Minimal blogging services with constraints on formatting have successfully demonstrated that readers and writers of all types prefer a consistent, predictable format to allow the focus to be on the content, the writing. The cognitive overhead to learn and process a different presentation unnecessarily distracts writers from their writing. This makes BaseML particularly useful when paired with frameworks like VuePress for documentation and educational content and distribution.
No Regular Expression Parser Dependency
Regular expressions are great tools, but they are horrible when built into a production parser. Just the regx library size itself puts most that would depend on them out of range for many small devices with parsers written in C. Therefore, even though the entire BaseML specification can be represented as a single complex regular expression, parsers should never use them for anything other than experimentation.
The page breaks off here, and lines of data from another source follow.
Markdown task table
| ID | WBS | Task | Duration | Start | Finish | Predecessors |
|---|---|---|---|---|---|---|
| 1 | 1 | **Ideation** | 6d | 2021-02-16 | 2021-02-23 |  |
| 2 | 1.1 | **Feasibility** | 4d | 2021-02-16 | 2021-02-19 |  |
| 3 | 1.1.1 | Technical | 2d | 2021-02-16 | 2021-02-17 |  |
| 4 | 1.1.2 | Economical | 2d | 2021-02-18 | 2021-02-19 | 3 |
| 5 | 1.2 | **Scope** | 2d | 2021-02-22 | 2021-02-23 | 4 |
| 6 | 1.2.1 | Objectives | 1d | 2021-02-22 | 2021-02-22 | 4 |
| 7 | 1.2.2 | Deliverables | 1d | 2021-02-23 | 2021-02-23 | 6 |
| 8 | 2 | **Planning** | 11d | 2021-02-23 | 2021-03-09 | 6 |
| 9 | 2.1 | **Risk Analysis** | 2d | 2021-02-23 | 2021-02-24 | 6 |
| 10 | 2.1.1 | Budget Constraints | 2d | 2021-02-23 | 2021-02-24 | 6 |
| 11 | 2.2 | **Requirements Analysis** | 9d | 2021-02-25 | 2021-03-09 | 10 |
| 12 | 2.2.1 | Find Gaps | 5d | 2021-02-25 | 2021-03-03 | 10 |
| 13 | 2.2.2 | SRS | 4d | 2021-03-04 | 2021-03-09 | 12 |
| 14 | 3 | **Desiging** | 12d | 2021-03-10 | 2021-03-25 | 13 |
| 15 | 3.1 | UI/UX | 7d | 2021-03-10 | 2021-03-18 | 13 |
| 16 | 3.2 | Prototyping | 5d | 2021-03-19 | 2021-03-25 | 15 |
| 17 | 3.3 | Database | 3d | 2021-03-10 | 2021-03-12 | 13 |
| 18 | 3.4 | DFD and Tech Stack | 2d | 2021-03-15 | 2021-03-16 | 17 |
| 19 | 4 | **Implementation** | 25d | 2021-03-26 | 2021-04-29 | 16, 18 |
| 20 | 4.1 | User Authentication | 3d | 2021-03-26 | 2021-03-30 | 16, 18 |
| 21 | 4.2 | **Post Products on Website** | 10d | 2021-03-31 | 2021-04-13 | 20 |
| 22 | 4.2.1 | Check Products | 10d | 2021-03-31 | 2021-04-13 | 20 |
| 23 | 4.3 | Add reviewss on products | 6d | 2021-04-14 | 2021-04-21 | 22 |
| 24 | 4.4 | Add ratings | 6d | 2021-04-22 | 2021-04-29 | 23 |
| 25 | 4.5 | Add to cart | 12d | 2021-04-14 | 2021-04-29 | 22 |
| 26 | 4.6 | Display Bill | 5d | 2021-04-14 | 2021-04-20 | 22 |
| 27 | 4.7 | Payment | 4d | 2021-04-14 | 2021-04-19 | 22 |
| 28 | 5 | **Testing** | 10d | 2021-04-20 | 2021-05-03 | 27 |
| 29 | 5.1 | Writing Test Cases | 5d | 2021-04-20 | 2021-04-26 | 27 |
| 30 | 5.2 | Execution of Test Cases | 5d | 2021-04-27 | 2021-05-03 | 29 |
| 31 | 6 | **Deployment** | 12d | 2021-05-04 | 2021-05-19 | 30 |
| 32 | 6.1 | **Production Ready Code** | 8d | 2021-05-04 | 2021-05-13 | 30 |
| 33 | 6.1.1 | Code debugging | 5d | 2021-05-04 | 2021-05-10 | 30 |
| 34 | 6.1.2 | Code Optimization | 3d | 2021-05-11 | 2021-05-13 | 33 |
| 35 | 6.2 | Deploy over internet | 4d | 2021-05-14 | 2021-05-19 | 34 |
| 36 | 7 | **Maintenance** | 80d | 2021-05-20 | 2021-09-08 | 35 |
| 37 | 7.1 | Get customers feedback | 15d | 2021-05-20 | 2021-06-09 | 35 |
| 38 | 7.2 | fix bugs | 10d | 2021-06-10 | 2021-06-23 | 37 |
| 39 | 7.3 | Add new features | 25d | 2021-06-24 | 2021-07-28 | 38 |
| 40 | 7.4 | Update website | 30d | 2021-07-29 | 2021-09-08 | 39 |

Suggested Semantic Macrostructure
Semantic macrostructure is the idea that the structure of the content itself provides meaning and levels of importance. No MIME headers, properties, JSON, hashtags or extra keywords and categories are needed. The content itself provides this. When additional meta information is needed frontmatter can be used as well.
💬 Semantic macrostructure cannot be gamed by those looking to manipulate an SEO ranking without being completely obvious to anyone ready the content.
Here is a suggested relevance ranking for any BaseML document. The primary and secondary data can be read and ranked before any other parsing even takes place.
- summary (first paragraph)
- image alt text
- list content
- subdocs (blockquotes)
- fenced content
- link addresses
Links can be easily identified and cataloged as they are parsed as well providing a collection of all outbound links that can be checked for validity or extracted into an index.
This set structure allows creators of BaseML search engines to easily provide users the ability to set their own search priorities without any guess work about how things are ranked.